(Data entries)

*****

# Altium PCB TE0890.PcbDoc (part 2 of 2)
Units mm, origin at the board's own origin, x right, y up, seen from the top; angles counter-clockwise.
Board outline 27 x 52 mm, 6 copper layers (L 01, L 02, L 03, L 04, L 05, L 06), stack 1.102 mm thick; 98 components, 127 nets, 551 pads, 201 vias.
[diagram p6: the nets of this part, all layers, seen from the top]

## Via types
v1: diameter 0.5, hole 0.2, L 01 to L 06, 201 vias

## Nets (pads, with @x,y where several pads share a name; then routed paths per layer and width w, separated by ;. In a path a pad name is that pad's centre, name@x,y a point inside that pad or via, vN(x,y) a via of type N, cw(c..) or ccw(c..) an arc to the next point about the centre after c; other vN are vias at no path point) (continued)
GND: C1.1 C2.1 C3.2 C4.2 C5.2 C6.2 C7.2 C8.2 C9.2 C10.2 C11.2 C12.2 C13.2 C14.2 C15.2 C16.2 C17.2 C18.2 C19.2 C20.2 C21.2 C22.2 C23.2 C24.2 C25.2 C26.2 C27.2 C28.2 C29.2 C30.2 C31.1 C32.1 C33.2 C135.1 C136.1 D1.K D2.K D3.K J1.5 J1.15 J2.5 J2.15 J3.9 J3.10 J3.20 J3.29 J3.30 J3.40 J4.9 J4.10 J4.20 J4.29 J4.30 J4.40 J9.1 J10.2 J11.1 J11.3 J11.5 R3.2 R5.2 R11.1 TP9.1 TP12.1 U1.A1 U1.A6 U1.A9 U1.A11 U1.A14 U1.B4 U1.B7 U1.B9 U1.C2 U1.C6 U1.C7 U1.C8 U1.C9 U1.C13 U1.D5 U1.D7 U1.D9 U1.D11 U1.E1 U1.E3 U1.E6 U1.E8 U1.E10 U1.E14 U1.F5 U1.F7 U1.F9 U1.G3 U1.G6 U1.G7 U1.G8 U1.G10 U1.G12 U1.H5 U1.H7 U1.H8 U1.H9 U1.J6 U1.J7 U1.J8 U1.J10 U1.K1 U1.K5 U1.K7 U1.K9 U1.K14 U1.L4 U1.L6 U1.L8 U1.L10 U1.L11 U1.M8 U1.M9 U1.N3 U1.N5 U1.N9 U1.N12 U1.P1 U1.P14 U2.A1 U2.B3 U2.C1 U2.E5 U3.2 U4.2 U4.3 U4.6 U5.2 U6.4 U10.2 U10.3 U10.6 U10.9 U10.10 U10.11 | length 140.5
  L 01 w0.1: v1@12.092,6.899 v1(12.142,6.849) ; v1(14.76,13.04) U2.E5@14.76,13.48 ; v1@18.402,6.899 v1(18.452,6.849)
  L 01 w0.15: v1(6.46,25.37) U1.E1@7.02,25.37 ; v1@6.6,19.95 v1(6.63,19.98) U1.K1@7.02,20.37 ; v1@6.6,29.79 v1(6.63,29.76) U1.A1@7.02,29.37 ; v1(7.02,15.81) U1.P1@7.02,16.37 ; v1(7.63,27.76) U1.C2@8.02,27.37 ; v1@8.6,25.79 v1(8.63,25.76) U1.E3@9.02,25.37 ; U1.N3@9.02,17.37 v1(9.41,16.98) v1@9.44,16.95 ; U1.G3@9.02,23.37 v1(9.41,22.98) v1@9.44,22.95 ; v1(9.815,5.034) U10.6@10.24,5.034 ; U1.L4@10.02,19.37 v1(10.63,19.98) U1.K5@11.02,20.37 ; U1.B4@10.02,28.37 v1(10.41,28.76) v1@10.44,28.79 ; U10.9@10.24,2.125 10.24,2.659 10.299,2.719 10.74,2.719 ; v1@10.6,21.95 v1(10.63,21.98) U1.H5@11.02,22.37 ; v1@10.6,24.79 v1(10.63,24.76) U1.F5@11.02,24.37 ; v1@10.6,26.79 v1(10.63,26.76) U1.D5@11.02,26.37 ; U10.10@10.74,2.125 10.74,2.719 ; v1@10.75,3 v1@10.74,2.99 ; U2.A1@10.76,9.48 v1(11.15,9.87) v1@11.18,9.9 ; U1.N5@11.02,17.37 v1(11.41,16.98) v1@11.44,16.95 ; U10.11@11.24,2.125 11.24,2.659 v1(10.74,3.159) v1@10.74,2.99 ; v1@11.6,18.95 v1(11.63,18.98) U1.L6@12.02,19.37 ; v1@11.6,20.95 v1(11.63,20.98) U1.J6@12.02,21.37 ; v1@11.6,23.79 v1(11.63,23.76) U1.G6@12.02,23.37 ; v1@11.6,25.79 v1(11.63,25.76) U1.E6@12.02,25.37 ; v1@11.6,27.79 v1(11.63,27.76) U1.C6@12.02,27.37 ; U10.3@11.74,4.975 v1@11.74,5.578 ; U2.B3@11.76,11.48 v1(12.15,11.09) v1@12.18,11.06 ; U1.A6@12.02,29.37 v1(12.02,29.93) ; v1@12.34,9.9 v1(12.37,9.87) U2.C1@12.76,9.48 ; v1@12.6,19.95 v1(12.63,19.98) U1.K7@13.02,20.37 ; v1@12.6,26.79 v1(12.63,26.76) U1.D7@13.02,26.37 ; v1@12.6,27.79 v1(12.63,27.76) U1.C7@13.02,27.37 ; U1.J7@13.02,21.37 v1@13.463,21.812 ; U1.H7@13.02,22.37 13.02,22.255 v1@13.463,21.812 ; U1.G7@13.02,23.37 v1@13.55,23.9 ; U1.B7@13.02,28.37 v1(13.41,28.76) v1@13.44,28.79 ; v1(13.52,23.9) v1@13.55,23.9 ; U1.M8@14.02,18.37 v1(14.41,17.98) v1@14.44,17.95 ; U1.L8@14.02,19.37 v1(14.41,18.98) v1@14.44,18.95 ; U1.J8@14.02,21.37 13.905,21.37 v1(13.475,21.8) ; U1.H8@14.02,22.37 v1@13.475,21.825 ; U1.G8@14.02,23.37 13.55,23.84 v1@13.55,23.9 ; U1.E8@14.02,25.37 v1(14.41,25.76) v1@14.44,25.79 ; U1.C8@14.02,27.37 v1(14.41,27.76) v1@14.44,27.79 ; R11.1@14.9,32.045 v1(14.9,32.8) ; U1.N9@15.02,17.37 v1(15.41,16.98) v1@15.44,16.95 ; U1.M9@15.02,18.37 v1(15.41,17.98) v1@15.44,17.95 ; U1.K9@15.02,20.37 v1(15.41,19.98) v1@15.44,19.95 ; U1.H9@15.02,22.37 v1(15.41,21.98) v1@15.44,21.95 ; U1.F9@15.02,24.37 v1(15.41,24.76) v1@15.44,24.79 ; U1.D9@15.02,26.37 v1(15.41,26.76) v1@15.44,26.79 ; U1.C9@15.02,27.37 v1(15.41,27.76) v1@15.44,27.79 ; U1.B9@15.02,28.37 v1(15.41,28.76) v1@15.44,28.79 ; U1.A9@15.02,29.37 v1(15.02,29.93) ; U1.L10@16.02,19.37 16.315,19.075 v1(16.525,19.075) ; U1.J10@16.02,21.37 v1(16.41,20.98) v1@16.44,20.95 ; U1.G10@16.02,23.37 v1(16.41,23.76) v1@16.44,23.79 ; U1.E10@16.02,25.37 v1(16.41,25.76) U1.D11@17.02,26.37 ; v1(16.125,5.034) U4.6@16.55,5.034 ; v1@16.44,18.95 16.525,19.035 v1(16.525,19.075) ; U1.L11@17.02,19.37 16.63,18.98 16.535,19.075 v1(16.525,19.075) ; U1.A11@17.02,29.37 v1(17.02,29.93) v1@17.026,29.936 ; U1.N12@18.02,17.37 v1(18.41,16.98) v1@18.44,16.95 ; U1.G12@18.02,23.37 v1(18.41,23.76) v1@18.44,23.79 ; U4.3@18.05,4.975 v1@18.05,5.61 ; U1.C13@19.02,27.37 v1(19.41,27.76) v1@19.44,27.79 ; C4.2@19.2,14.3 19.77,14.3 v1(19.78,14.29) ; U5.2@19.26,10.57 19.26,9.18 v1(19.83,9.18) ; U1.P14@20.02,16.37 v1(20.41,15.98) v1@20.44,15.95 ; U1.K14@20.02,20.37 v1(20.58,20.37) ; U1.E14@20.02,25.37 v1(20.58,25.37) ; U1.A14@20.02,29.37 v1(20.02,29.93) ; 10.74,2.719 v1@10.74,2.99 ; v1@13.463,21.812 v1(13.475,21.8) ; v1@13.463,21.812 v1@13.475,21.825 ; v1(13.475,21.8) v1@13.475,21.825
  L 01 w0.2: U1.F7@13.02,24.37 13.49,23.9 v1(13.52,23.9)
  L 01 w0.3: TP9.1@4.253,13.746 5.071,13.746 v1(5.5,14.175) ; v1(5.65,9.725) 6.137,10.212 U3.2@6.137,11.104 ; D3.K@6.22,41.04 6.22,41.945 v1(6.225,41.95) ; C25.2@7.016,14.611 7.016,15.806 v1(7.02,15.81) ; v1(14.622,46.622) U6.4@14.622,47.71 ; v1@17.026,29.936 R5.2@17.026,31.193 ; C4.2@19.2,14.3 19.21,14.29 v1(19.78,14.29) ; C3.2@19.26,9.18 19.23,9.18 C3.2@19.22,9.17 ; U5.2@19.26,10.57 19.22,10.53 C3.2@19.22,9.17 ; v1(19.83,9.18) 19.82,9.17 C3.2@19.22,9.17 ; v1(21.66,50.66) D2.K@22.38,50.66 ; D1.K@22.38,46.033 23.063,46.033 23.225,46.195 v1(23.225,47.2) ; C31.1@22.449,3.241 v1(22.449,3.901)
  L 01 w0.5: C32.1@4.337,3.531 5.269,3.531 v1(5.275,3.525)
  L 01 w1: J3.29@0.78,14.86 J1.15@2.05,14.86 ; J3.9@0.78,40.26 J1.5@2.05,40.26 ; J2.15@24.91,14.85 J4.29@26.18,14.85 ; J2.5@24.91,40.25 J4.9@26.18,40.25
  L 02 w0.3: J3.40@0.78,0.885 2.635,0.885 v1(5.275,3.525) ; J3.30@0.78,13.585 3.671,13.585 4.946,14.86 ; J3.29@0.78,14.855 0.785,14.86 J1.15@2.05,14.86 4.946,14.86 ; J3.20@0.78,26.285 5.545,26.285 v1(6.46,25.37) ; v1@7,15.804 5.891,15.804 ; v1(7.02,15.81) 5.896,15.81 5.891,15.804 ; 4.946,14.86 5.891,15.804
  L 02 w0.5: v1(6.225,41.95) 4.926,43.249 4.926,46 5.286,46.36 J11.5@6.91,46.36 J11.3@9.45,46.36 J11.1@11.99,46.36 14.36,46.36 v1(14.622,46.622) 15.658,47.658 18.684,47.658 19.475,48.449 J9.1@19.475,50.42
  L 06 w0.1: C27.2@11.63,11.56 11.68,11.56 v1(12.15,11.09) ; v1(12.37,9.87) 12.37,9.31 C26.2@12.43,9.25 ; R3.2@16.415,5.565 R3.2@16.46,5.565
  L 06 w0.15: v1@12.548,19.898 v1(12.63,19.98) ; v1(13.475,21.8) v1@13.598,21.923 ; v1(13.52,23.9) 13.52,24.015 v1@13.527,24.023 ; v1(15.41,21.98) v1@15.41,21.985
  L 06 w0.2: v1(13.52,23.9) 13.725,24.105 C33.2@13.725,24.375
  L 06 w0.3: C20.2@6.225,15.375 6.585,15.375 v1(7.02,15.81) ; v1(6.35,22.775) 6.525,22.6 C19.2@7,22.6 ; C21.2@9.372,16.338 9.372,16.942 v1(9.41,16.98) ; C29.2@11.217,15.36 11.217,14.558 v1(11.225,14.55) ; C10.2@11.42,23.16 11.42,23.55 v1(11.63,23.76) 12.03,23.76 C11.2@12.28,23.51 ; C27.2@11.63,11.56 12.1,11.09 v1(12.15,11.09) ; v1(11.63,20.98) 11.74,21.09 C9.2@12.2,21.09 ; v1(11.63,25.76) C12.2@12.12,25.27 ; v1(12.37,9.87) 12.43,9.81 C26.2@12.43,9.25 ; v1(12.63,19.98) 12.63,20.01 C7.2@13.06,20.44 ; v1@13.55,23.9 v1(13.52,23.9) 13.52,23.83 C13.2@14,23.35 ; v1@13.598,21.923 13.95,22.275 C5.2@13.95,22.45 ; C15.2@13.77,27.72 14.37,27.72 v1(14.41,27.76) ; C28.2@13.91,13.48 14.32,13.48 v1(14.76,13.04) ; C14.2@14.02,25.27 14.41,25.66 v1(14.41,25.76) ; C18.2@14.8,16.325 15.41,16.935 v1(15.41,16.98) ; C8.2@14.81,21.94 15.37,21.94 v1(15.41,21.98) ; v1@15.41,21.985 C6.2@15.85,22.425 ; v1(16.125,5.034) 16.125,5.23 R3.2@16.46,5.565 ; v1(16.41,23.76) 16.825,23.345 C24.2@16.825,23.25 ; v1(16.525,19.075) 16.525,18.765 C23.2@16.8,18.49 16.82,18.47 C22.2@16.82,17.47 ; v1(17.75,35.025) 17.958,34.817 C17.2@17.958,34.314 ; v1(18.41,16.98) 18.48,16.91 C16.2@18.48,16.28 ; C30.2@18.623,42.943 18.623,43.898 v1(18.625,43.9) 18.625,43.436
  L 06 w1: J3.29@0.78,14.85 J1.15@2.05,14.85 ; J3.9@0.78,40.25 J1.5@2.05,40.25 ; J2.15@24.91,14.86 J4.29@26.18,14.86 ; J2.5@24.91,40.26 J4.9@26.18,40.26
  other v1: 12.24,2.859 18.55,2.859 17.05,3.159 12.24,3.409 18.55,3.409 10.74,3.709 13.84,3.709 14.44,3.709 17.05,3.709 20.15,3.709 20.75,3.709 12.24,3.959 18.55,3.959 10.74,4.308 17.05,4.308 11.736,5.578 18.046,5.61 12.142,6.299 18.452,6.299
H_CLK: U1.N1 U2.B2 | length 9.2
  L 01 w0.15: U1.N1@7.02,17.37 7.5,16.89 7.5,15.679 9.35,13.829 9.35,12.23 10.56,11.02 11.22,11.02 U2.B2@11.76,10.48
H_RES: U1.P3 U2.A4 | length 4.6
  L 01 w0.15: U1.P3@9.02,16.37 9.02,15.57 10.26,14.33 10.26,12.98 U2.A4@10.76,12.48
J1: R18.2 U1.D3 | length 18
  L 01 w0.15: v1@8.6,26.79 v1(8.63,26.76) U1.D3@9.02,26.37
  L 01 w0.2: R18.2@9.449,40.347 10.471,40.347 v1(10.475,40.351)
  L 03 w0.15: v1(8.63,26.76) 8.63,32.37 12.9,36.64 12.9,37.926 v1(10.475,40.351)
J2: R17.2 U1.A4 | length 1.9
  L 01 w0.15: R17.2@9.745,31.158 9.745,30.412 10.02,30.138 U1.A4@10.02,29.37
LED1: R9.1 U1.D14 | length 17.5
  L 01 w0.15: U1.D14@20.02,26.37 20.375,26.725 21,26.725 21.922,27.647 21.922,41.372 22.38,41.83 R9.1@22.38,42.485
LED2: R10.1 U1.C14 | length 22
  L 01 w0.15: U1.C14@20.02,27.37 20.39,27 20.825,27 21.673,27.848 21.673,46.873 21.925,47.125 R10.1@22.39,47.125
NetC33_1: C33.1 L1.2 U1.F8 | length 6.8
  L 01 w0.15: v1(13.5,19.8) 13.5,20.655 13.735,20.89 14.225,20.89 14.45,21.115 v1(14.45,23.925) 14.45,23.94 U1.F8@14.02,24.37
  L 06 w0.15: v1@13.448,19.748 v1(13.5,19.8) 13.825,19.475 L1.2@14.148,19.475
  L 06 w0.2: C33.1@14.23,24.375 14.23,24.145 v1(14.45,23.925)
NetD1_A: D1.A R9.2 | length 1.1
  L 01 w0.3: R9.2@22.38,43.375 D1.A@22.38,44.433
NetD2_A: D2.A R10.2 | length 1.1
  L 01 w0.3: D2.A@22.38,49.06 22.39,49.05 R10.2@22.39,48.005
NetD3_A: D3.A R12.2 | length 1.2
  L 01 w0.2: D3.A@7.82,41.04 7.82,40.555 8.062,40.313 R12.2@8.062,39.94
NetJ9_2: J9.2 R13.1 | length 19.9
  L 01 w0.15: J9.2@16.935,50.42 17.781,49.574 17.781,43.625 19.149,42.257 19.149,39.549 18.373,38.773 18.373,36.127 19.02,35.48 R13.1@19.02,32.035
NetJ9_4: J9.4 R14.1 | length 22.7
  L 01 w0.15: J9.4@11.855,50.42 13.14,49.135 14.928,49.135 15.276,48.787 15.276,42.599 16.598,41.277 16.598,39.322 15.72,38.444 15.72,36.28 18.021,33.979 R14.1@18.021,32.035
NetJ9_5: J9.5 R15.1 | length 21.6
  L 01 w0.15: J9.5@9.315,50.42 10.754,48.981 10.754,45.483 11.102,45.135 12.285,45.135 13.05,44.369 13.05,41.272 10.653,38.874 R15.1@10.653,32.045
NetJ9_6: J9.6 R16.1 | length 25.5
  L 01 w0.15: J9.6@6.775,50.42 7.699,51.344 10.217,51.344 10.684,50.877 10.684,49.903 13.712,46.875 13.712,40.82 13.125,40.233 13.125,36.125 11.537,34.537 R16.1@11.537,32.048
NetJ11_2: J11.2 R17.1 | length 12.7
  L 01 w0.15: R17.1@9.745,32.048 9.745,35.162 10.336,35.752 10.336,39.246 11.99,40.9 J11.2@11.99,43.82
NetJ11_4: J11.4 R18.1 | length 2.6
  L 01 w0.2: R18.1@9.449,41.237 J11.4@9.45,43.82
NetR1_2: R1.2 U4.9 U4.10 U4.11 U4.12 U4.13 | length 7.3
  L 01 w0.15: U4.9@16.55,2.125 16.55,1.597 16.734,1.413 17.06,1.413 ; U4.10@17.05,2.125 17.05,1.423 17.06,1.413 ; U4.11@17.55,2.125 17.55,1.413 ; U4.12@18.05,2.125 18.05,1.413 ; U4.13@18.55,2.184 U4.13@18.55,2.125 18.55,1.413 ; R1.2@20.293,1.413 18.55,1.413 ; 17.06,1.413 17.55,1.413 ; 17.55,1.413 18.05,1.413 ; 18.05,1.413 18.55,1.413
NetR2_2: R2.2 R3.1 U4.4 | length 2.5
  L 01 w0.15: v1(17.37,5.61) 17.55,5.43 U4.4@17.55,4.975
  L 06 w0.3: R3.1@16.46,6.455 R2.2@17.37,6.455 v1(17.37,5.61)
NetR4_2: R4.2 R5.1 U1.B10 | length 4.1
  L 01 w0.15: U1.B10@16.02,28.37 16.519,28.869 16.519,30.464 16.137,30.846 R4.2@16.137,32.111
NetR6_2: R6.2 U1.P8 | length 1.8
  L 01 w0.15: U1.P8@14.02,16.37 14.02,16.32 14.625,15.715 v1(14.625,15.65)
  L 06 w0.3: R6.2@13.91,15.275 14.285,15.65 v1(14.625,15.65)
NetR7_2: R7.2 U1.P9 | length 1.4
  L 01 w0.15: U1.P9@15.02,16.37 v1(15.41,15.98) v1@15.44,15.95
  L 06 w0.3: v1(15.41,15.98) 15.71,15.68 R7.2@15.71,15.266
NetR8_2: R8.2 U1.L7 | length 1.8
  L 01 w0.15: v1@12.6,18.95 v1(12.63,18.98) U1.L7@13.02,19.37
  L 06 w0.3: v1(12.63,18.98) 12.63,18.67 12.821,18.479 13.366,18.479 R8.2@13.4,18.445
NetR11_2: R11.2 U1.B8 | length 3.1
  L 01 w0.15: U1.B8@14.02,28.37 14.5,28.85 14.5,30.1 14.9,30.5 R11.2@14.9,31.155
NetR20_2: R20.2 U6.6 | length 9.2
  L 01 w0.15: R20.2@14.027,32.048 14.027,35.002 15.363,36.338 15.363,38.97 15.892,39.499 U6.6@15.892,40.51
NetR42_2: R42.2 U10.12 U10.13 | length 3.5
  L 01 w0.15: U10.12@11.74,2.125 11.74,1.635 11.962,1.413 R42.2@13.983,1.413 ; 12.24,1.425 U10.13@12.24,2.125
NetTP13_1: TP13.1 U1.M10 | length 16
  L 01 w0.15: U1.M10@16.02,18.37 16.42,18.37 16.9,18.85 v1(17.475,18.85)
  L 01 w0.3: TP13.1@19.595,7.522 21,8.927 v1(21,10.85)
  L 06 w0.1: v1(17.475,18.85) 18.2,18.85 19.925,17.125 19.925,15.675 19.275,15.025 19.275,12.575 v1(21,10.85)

*****

* PROBLEM TO SOLVE:
Reproduce exactly the section above that begins at the line containing "L 06 w0.3: R3.1@16.46,6.455" and ends at the line containing "NetR6_2: R6.2 U1.P8 | length 1.8", leaving out all other lines.

* ANSWER TO THE EXERCISE:
  L 06 w0.3: R3.1@16.46,6.455 R2.2@17.37,6.455 v1(17.37,5.61)
NetR4_2: R4.2 R5.1 U1.B10 | length 4.1
  L 01 w0.15: U1.B10@16.02,28.37 16.519,28.869 16.519,30.464 16.137,30.846 R4.2@16.137,32.111
NetR6_2: R6.2 U1.P8 | length 1.8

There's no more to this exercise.